King Josiah wanted to deconsecrate the place outside the city of Jerusalem where Israel was making these human sacrifices to Molech. To add insult to injury to that form of paganism, King Josiah turned the traditional place of human sacrifice into a garbage dump, and it became the garbage dump for Jerusalem. The refuse from the city and the offal from the animals were carted out on a regular basis and dumped into this massive garbage dump outside of the city that was always burning with fire. The Jews got rid of their garbage in this huge, burning garbage dump. Because garbage was newly and freshly added to it all the time, they didn’t have to ignite the fire one week and then do it again later. The fire never went out. The worms that were eating the carcasses of the animals never ran out of a food supply. Think about it. The worm in this case was a parasite, and the worm would eat the host, and when the host would die, what would happen to the worm? The worm would die unless he was supplied with a new host to continue his parasitical existence.

It’s those dreadful images that Jesus uses to paint the picture of hell. Hell is a place where the worm doesn’t die because the host is never consumed. The Bible teaches not only the resurrection of the body of the saints but also the resurrection of the bodies of the damned, that they may be fit to receive their everlasting punishment in hell where the worm never dies, where nobody ever pours water on the flames, and the fires never go out.

When Jesus used ghastly images to speak of the duration of eternal punishment, it was these images of the worm and of the flame with which He pointed to the object lesson of the garbage dump: “See that? Those fires never stop. Those worms never die. You would be better off to have your hand cut off, your leg cut off, and your eye plucked out than go to that place with a complete body and all of your possessions.”

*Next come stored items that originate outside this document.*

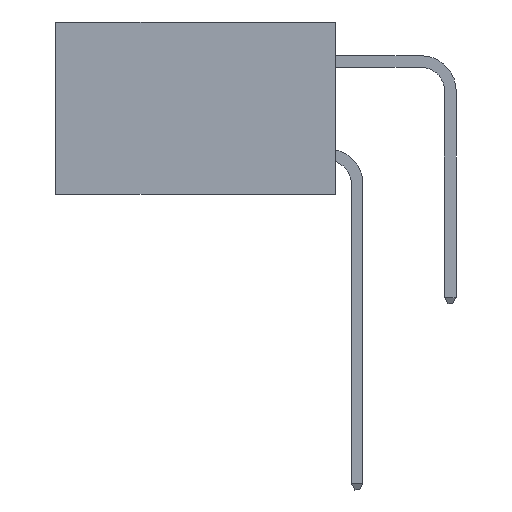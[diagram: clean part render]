
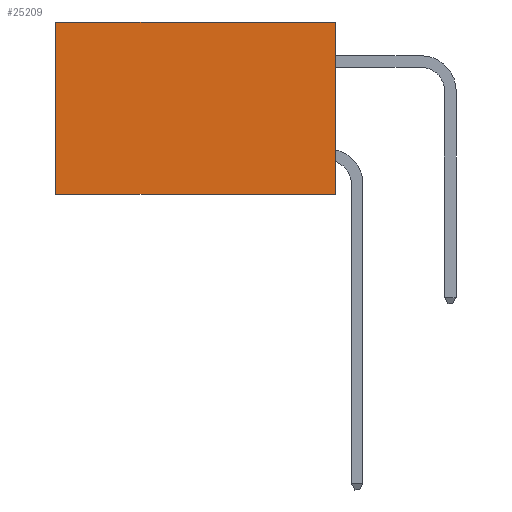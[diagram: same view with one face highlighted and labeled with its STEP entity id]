
A CAD part, left-side view. The second image highlights one B-rep face of the part: STEP entity #25209.
In plain terms, the highlighted planar face has unit normal (-1, 0, 0).
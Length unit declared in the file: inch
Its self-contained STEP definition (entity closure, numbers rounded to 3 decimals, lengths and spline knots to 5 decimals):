
#66 = PLANE ( 'NONE',  #20824 ) ;
#646 = CARTESIAN_POINT ( 'NONE',  ( 0.2875, 0., 0. ) ) ;
#1004 = DIRECTION ( 'NONE',  ( 0., 0., -1. ) ) ;
#3087 = LINE ( 'NONE', #646, #4752 ) ;
#4091 = DIRECTION ( 'NONE',  ( 0., 1., 0. ) ) ;
#4752 = VECTOR ( 'NONE', #31939, 39.37008 ) ;
#4929 = VECTOR ( 'NONE', #14636, 39.37008 ) ;
#5047 = CARTESIAN_POINT ( 'NONE',  ( 0.2875, 0.6, 0. ) ) ;
#5198 = DIRECTION ( 'NONE',  ( 0., 0., -1. ) ) ;
#8287 = CARTESIAN_POINT ( 'NONE',  ( 0.2875, 0., -0.37 ) ) ;
#9672 = VERTEX_POINT ( 'NONE', #31207 ) ;
#10643 = ORIENTED_EDGE ( 'NONE', *, *, #13495, .F. ) ;
#12202 = EDGE_CURVE ( 'NONE', #17894, #9672, #28906, .T. ) ;
#12977 = ORIENTED_EDGE ( 'NONE', *, *, #12202, .F. ) ;
#13495 = EDGE_CURVE ( 'NONE', #26429, #17894, #28480, .T. ) ;
#14636 = DIRECTION ( 'NONE',  ( 0., 0., -1. ) ) ;
#15990 = EDGE_CURVE ( 'NONE', #26429, #21386, #3087, .T. ) ;
#16194 = CARTESIAN_POINT ( 'NONE',  ( 0.2875, 0., 0. ) ) ;
#17894 = VERTEX_POINT ( 'NONE', #8287 ) ;
#19010 = VECTOR ( 'NONE', #1004, 39.37008 ) ;
#19120 = ORIENTED_EDGE ( 'NONE', *, *, #19601, .T. ) ;
#19601 = EDGE_CURVE ( 'NONE', #21386, #9672, #27102, .T. ) ;
#20300 = ORIENTED_EDGE ( 'NONE', *, *, #15990, .T. ) ;
#20805 = DIRECTION ( 'NONE',  ( 1., 0., 0. ) ) ;
#20824 = AXIS2_PLACEMENT_3D ( 'NONE', #33647, #20805, #5198 ) ;
#21386 = VERTEX_POINT ( 'NONE', #5047 ) ;
#21402 = CARTESIAN_POINT ( 'NONE',  ( 0.2875, 0.6, 0. ) ) ;
#21663 = VECTOR ( 'NONE', #4091, 39.37008 ) ;
#22394 = CARTESIAN_POINT ( 'NONE',  ( 0.2875, 0., -0.37 ) ) ;
#24324 = FACE_OUTER_BOUND ( 'NONE', #32243, .T. ) ;
#25209 = ADVANCED_FACE ( 'NONE', ( #24324 ), #66, .F. ) ;
#26429 = VERTEX_POINT ( 'NONE', #16194 ) ;
#27102 = LINE ( 'NONE', #21402, #19010 ) ;
#27548 = CARTESIAN_POINT ( 'NONE',  ( 0.2875, 0., 0. ) ) ;
#28480 = LINE ( 'NONE', #27548, #4929 ) ;
#28906 = LINE ( 'NONE', #22394, #21663 ) ;
#31207 = CARTESIAN_POINT ( 'NONE',  ( 0.2875, 0.6, -0.37 ) ) ;
#31939 = DIRECTION ( 'NONE',  ( 0., 1., 0. ) ) ;
#32243 = EDGE_LOOP ( 'NONE', ( #19120, #12977, #10643, #20300 ) ) ;
#33647 = CARTESIAN_POINT ( 'NONE',  ( 0.2875, 0., 0. ) ) ;
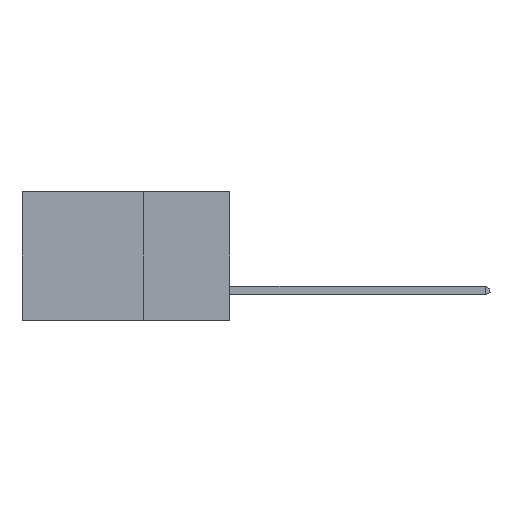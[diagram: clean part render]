
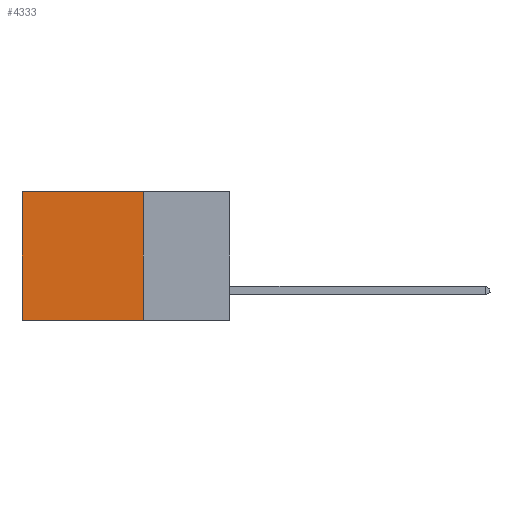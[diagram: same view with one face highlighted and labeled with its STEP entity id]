
A CAD part, left-side view. The second image highlights one B-rep face of the part: STEP entity #4333.
In plain terms, the highlighted planar face has unit normal (-1, 0, 0).
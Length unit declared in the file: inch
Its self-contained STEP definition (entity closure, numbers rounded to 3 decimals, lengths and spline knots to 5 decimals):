
#25 = VECTOR ( 'NONE', #18759, 39.37008 ) ;
#763 = EDGE_CURVE ( 'NONE', #6897, #7331, #6246, .T. ) ;
#975 = EDGE_CURVE ( 'NONE', #12800, #7331, #19919, .T. ) ;
#1099 = EDGE_LOOP ( 'NONE', ( #9770, #5938, #1623, #6349 ) ) ;
#1277 = VERTEX_POINT ( 'NONE', #17957 ) ;
#1623 = ORIENTED_EDGE ( 'NONE', *, *, #14223, .F. ) ;
#2135 = FACE_OUTER_BOUND ( 'NONE', #1099, .T. ) ;
#3573 = CARTESIAN_POINT ( 'NONE',  ( 0.298, 0.6, -0.37 ) ) ;
#3628 = DIRECTION ( 'NONE',  ( 0., 0., -1. ) ) ;
#4333 = ADVANCED_FACE ( 'NONE', ( #2135 ), #18889, .F. ) ;
#5259 = DIRECTION ( 'NONE',  ( 0., 0., -1. ) ) ;
#5752 = VECTOR ( 'NONE', #8205, 39.37008 ) ;
#5938 = ORIENTED_EDGE ( 'NONE', *, *, #975, .F. ) ;
#6017 = LINE ( 'NONE', #6606, #5752 ) ;
#6246 = LINE ( 'NONE', #11906, #18689 ) ;
#6349 = ORIENTED_EDGE ( 'NONE', *, *, #16446, .T. ) ;
#6606 = CARTESIAN_POINT ( 'NONE',  ( 0.298, 0.25, 0. ) ) ;
#6748 = CARTESIAN_POINT ( 'NONE',  ( 0.298, 0.25, 0. ) ) ;
#6897 = VERTEX_POINT ( 'NONE', #18551 ) ;
#7331 = VERTEX_POINT ( 'NONE', #3573 ) ;
#8205 = DIRECTION ( 'NONE',  ( 0., 1., 0. ) ) ;
#9770 = ORIENTED_EDGE ( 'NONE', *, *, #763, .T. ) ;
#10698 = CARTESIAN_POINT ( 'NONE',  ( 0.298, 0.25, -0.37 ) ) ;
#11906 = CARTESIAN_POINT ( 'NONE',  ( 0.298, 0.6, 0. ) ) ;
#12333 = AXIS2_PLACEMENT_3D ( 'NONE', #18819, #14080, #20484 ) ;
#12430 = VECTOR ( 'NONE', #3628, 39.37008 ) ;
#12800 = VERTEX_POINT ( 'NONE', #10698 ) ;
#13949 = CARTESIAN_POINT ( 'NONE',  ( 0.298, 0.25, -0.37 ) ) ;
#14080 = DIRECTION ( 'NONE',  ( 1., 0., 0. ) ) ;
#14223 = EDGE_CURVE ( 'NONE', #1277, #12800, #14958, .T. ) ;
#14958 = LINE ( 'NONE', #6748, #12430 ) ;
#16446 = EDGE_CURVE ( 'NONE', #1277, #6897, #6017, .T. ) ;
#17957 = CARTESIAN_POINT ( 'NONE',  ( 0.298, 0.25, 0. ) ) ;
#18551 = CARTESIAN_POINT ( 'NONE',  ( 0.298, 0.6, 0. ) ) ;
#18689 = VECTOR ( 'NONE', #5259, 39.37008 ) ;
#18759 = DIRECTION ( 'NONE',  ( 0., 1., 0. ) ) ;
#18819 = CARTESIAN_POINT ( 'NONE',  ( 0.298, 0.25, 0. ) ) ;
#18889 = PLANE ( 'NONE',  #12333 ) ;
#19919 = LINE ( 'NONE', #13949, #25 ) ;
#20484 = DIRECTION ( 'NONE',  ( 0., 0., -1. ) ) ;
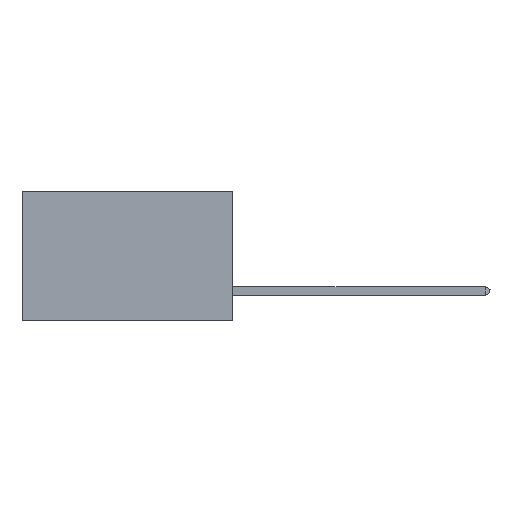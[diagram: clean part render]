
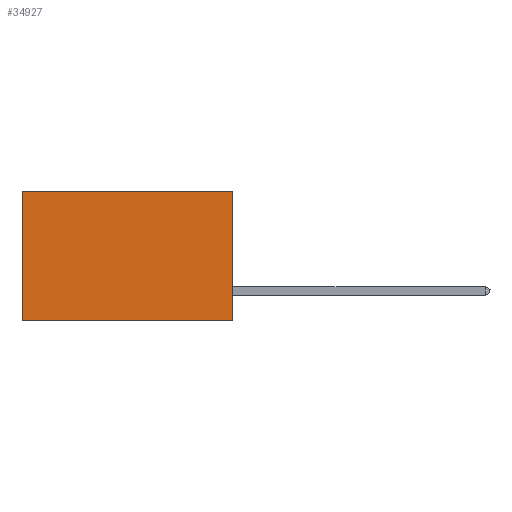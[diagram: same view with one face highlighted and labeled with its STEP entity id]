
A CAD part, left-side view. The second image highlights one B-rep face of the part: STEP entity #34927.
In plain terms, the highlighted planar face has unit normal (-1, 0, 0).
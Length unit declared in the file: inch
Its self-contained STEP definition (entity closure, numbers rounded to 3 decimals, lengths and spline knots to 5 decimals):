
#2184 = CARTESIAN_POINT ( 'NONE',  ( 0.2875, 0., 0. ) ) ;
#2361 = VERTEX_POINT ( 'NONE', #12211 ) ;
#2481 = EDGE_CURVE ( 'NONE', #26707, #3085, #17923, .T. ) ;
#2893 = LINE ( 'NONE', #7476, #31241 ) ;
#3085 = VERTEX_POINT ( 'NONE', #13718 ) ;
#4875 = DIRECTION ( 'NONE',  ( 0., 1., 0. ) ) ;
#5022 = DIRECTION ( 'NONE',  ( 0., 0., -1. ) ) ;
#6188 = EDGE_LOOP ( 'NONE', ( #20979, #13465, #30442, #32563 ) ) ;
#6905 = DIRECTION ( 'NONE',  ( 0., 1., 0. ) ) ;
#7476 = CARTESIAN_POINT ( 'NONE',  ( 0.2875, 0., -0.37 ) ) ;
#8366 = DIRECTION ( 'NONE',  ( 1., 0., 0. ) ) ;
#9500 = VERTEX_POINT ( 'NONE', #11026 ) ;
#9989 = LINE ( 'NONE', #21885, #25910 ) ;
#11026 = CARTESIAN_POINT ( 'NONE',  ( 0.2875, 0.6, 0. ) ) ;
#11932 = FACE_OUTER_BOUND ( 'NONE', #6188, .T. ) ;
#12211 = CARTESIAN_POINT ( 'NONE',  ( 0.2875, 0.6, -0.37 ) ) ;
#13465 = ORIENTED_EDGE ( 'NONE', *, *, #18011, .F. ) ;
#13718 = CARTESIAN_POINT ( 'NONE',  ( 0.2875, 0., -0.37 ) ) ;
#15393 = CARTESIAN_POINT ( 'NONE',  ( 0.2875, 0.6, 0. ) ) ;
#15453 = LINE ( 'NONE', #15393, #32755 ) ;
#17874 = DIRECTION ( 'NONE',  ( 0., 0., -1. ) ) ;
#17923 = LINE ( 'NONE', #2184, #34323 ) ;
#18011 = EDGE_CURVE ( 'NONE', #3085, #2361, #2893, .T. ) ;
#18056 = EDGE_CURVE ( 'NONE', #26707, #9500, #9989, .T. ) ;
#19242 = PLANE ( 'NONE',  #35287 ) ;
#20979 = ORIENTED_EDGE ( 'NONE', *, *, #23536, .T. ) ;
#21885 = CARTESIAN_POINT ( 'NONE',  ( 0.2875, 0., 0. ) ) ;
#22227 = DIRECTION ( 'NONE',  ( 0., 0., -1. ) ) ;
#23536 = EDGE_CURVE ( 'NONE', #9500, #2361, #15453, .T. ) ;
#25910 = VECTOR ( 'NONE', #6905, 39.37008 ) ;
#26707 = VERTEX_POINT ( 'NONE', #29552 ) ;
#29552 = CARTESIAN_POINT ( 'NONE',  ( 0.2875, 0., 0. ) ) ;
#30442 = ORIENTED_EDGE ( 'NONE', *, *, #2481, .F. ) ;
#31241 = VECTOR ( 'NONE', #4875, 39.37008 ) ;
#32563 = ORIENTED_EDGE ( 'NONE', *, *, #18056, .T. ) ;
#32755 = VECTOR ( 'NONE', #17874, 39.37008 ) ;
#34323 = VECTOR ( 'NONE', #22227, 39.37008 ) ;
#34927 = ADVANCED_FACE ( 'NONE', ( #11932 ), #19242, .F. ) ;
#35287 = AXIS2_PLACEMENT_3D ( 'NONE', #36513, #8366, #5022 ) ;
#36513 = CARTESIAN_POINT ( 'NONE',  ( 0.2875, 0., 0. ) ) ;

Jesus said that there’s nothing more valuable than the kingdom of God and nothing worse than the abode of the damned. He put that before His people. That’s why He said it’s worth your hand, your foot, your eye. It’s worth your hearing and your seeing, it’s worth anything to receive that pearl of great price and to flee from hell.

One Hundred Years from Now

If you’ve never thought about it before, think about it now. Ask yourself not, “Where am I going to be next week or next month?” because you don’t know. You might guess, and you might be correct in your guess. But ask yourself this question today: “Where am I going to be a hundred years from now?” You will be somewhere, and you’ll be conscious. You’ll be awake. You will either be among the damned or in the state where joy never ends and felicity is never dampened, where the beautiful vision of the loveliness of Christ will be before your eyes every second, and where you will gaze upon Him forever. If it takes an eye, an arm, or a leg, make sure you’re there, and not in hell. Let’s pray.

Lord Jesus, we minimize what You died for, that which You took upon Yourself instead of permitting us, Your little ones, to experience. Thank You for saving us from hell and from the wrath which is to come. Amen.

This transcript has been lightly edited for readability.